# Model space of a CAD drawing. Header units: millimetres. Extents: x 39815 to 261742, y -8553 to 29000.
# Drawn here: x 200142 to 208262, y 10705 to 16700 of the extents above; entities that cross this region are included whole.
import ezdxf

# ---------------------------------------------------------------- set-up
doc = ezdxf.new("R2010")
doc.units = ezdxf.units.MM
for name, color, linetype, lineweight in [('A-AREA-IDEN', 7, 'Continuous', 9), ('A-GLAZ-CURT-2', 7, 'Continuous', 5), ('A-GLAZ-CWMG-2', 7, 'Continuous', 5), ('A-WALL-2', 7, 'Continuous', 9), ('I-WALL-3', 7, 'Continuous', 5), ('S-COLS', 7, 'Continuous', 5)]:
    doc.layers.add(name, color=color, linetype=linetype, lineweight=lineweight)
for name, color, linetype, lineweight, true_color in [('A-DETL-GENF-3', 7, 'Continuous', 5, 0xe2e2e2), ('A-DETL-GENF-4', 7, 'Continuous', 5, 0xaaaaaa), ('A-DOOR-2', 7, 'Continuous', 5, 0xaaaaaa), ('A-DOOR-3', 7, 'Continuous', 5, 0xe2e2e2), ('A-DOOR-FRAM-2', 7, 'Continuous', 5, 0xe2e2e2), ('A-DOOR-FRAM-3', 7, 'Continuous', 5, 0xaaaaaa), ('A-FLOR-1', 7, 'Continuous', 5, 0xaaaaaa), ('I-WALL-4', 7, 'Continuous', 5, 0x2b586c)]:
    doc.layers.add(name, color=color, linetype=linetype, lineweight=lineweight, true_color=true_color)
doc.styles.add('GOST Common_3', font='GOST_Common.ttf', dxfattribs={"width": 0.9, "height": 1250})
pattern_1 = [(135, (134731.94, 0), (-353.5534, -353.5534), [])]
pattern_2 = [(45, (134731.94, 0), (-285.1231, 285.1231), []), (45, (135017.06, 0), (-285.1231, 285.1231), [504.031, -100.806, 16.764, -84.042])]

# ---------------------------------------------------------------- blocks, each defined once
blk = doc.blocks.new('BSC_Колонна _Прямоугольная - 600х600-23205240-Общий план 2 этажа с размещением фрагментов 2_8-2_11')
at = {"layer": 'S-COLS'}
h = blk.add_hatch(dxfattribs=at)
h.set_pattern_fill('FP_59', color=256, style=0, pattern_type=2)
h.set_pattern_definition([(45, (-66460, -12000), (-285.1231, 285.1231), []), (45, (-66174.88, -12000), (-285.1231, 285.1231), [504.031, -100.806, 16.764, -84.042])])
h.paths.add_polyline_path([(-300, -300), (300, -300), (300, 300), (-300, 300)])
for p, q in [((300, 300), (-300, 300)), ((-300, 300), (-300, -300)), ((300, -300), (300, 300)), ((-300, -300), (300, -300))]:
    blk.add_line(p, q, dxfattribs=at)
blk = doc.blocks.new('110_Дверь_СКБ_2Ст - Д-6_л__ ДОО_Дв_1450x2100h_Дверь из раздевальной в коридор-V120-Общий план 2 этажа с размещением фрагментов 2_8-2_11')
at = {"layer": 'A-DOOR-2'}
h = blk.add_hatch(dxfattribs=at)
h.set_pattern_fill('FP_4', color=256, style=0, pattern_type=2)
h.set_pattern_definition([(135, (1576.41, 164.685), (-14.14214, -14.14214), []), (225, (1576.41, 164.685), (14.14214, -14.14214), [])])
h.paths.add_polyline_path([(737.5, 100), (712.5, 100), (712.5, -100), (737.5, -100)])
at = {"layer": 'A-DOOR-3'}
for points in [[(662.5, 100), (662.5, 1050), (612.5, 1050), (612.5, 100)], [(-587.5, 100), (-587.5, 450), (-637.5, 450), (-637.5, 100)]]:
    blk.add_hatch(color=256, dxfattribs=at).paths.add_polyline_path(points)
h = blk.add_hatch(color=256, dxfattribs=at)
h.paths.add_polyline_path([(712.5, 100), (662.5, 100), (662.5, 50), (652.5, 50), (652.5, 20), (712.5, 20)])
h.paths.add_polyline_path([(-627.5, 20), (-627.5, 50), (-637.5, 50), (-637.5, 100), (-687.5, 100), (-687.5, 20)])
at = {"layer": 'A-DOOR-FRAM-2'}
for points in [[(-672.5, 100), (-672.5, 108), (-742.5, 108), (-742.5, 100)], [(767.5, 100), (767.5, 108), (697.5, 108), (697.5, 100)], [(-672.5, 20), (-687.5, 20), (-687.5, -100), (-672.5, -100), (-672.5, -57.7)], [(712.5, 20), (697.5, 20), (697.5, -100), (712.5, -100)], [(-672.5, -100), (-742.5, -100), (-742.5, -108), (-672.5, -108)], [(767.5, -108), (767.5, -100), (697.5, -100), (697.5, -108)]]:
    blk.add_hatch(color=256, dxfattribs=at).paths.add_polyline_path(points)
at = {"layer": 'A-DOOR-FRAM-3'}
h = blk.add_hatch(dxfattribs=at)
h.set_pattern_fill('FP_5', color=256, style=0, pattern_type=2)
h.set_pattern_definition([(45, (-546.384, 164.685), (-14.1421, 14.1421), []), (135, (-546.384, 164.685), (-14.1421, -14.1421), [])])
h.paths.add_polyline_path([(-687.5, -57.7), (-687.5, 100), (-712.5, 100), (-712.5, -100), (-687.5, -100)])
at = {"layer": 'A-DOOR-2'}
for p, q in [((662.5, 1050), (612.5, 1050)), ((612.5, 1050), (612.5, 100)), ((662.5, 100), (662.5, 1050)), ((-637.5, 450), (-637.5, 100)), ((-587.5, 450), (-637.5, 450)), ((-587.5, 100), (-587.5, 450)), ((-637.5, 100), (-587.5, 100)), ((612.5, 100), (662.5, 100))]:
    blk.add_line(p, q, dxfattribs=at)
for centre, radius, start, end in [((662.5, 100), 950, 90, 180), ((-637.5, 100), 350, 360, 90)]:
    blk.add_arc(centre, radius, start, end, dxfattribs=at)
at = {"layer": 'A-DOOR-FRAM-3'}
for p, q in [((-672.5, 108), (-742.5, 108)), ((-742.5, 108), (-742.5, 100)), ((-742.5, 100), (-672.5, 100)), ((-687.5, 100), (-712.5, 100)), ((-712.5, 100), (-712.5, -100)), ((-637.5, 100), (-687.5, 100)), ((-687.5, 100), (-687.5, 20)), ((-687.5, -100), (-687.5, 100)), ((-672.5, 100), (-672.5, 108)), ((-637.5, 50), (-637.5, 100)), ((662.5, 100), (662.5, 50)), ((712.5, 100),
::::
Aim of the exercise:
The records above need copying. Do it exactly.

Answer to this task:
# Model space of a CAD drawing. Header units: millimetres. Extents: x 39815 to 261742, y -8553 to 29000.
# Drawn here: x 200142 to 208262, y 10705 to 16700 of the extents above; entities that cross this region are included whole.
import ezdxf

# ---------------------------------------------------------------- set-up
doc = ezdxf.new("R2010")
doc.units = ezdxf.units.MM
for name, color, linetype, lineweight in [('A-AREA-IDEN', 7, 'Continuous', 9), ('A-GLAZ-CURT-2', 7, 'Continuous', 5), ('A-GLAZ-CWMG-2', 7, 'Continuous', 5), ('A-WALL-2', 7, 'Continuous', 9), ('I-WALL-3', 7, 'Continuous', 5), ('S-COLS', 7, 'Continuous', 5)]:
    doc.layers.add(name, color=color, linetype=linetype, lineweight=lineweight)
for name, color, linetype, lineweight, true_color in [('A-DETL-GENF-3', 7, 'Continuous', 5, 0xe2e2e2), ('A-DETL-GENF-4', 7, 'Continuous', 5, 0xaaaaaa), ('A-DOOR-2', 7, 'Continuous', 5, 0xaaaaaa), ('A-DOOR-3', 7, 'Continuous', 5, 0xe2e2e2), ('A-DOOR-FRAM-2', 7, 'Continuous', 5, 0xe2e2e2), ('A-DOOR-FRAM-3', 7, 'Continuous', 5, 0xaaaaaa), ('A-FLOR-1', 7, 'Continuous', 5, 0xaaaaaa), ('I-WALL-4', 7, 'Continuous', 5, 0x2b586c)]:
    doc.layers.add(name, color=color, linetype=linetype, lineweight=lineweight, true_color=true_color)
doc.styles.add('GOST Common_3', font='GOST_Common.ttf', dxfattribs={"width": 0.9, "height": 1250})
pattern_1 = [(135, (134731.94, 0), (-353.5534, -353.5534), [])]
pattern_2 = [(45, (134731.94, 0), (-285.1231, 285.1231), []), (45, (135017.06, 0), (-285.1231, 285.1231), [504.031, -100.806, 16.764, -84.042])]

# ---------------------------------------------------------------- blocks, each defined once
blk = doc.blocks.new('BSC_Колонна _Прямоугольная - 600х600-23205240-Общий план 2 этажа с размещением фрагментов 2_8-2_11')
at = {"layer": 'S-COLS'}
h = blk.add_hatch(dxfattribs=at)
h.set_pattern_fill('FP_59', color=256, style=0, pattern_type=2)
h.set_pattern_definition([(45, (-66460, -12000), (-285.1231, 285.1231), []), (45, (-66174.88, -12000), (-285.1231, 285.1231), [504.031, -100.806, 16.764, -84.042])])
h.paths.add_polyline_path([(-300, -300), (300, -300), (300, 300), (-300, 300)])
for p, q in [((300, 300), (-300, 300)), ((-300, 300), (-300, -300)), ((300, -300), (300, 300)), ((-300, -300), (300, -300))]:
    blk.add_line(p, q, dxfattribs=at)
blk = doc.blocks.new('110_Дверь_СКБ_2Ст - Д-6_л__ ДОО_Дв_1450x2100h_Дверь из раздевальной в коридор-V120-Общий план 2 этажа с размещением фрагментов 2_8-2_11')
at = {"layer": 'A-DOOR-2'}
h = blk.add_hatch(dxfattribs=at)
h.set_pattern_fill('FP_4', color=256, style=0, pattern_type=2)
h.set_pattern_definition([(135, (1576.41, 164.685), (-14.14214, -14.14214), []), (225, (1576.41, 164.685), (14.14214, -14.14214), [])])
h.paths.add_polyline_path([(737.5, 100), (712.5, 100), (712.5, -100), (737.5, -100)])
at = {"layer": 'A-DOOR-3'}
for points in [[(662.5, 100), (662.5, 1050), (612.5, 1050), (612.5, 100)], [(-587.5, 100), (-587.5, 450), (-637.5, 450), (-637.5, 100)]]:
    blk.add_hatch(color=256, dxfattribs=at).paths.add_polyline_path(points)
h = blk.add_hatch(color=256, dxfattribs=at)
h.paths.add_polyline_path([(712.5, 100), (662.5, 100), (662.5, 50), (652.5, 50), (652.5, 20), (712.5, 20)])
h.paths.add_polyline_path([(-627.5, 20), (-627.5, 50), (-637.5, 50), (-637.5, 100), (-687.5, 100), (-687.5, 20)])
at = {"layer": 'A-DOOR-FRAM-2'}
for points in [[(-672.5, 100), (-672.5, 108), (-742.5, 108), (-742.5, 100)], [(767.5, 100), (767.5, 108), (697.5, 108), (697.5, 100)], [(-672.5, 20), (-687.5, 20), (-687.5, -100), (-672.5, -100), (-672.5, -57.7)], [(712.5, 20), (697.5, 20), (697.5, -100), (712.5, -100)], [(-672.5, -100), (-742.5, -100), (-742.5, -108), (-672.5, -108)], [(767.5, -108), (767.5, -100), (697.5, -100), (697.5, -108)]]:
    blk.add_hatch(color=256, dxfattribs=at).paths.add_polyline_path(points)
at = {"layer": 'A-DOOR-FRAM-3'}
h = blk.add_hatch(dxfattribs=at)
h.set_pattern_fill('FP_5', color=256, style=0, pattern_type=2)
h.set_pattern_definition([(45, (-546.384, 164.685), (-14.1421, 14.1421), []), (135, (-546.384, 164.685), (-14.1421, -14.1421), [])])
h.paths.add_polyline_path([(-687.5, -57.7), (-687.5, 100), (-712.5, 100), (-712.5, -100), (-687.5, -100)])
at = {"layer": 'A-DOOR-2'}
for p, q in [((662.5, 1050), (612.5, 1050)), ((612.5, 1050), (612.5, 100)), ((662.5, 100), (662.5, 1050)), ((-637.5, 450), (-637.5, 100)), ((-587.5, 450), (-637.5, 450)), ((-587.5, 100), (-587.5, 450)), ((-637.5, 100), (-587.5, 100)), ((612.5, 100), (662.5, 100))]:
    blk.add_line(p, q, dxfattribs=at)
for centre, radius, start, end in [((662.5, 100), 950, 90, 180), ((-637.5, 100), 350, 360, 90)]:
    blk.add_arc(centre, radius, start, end, dxfattribs=at)
at = {"layer": 'A-DOOR-FRAM-3'}
for p, q in [((-672.5, 108), (-742.5, 108)), ((-742.5, 108), (-742.5, 100)), ((-742.5, 100), (-672.5, 100)), ((-687.5, 100), (-712.5, 100)), ((-712.5, 100), (-712.5, -100)), ((-637.5, 100), (-687.5, 100)), ((-687.5, 100), (-687.5, 20)), ((-687.5, -100), (-687.5, 100)), ((-672.5, 100), (-672.5, 108)), ((-637.5, 50), (-637.5, 100)), ((662.5, 100), (662.5, 50)), ((712.5, 100),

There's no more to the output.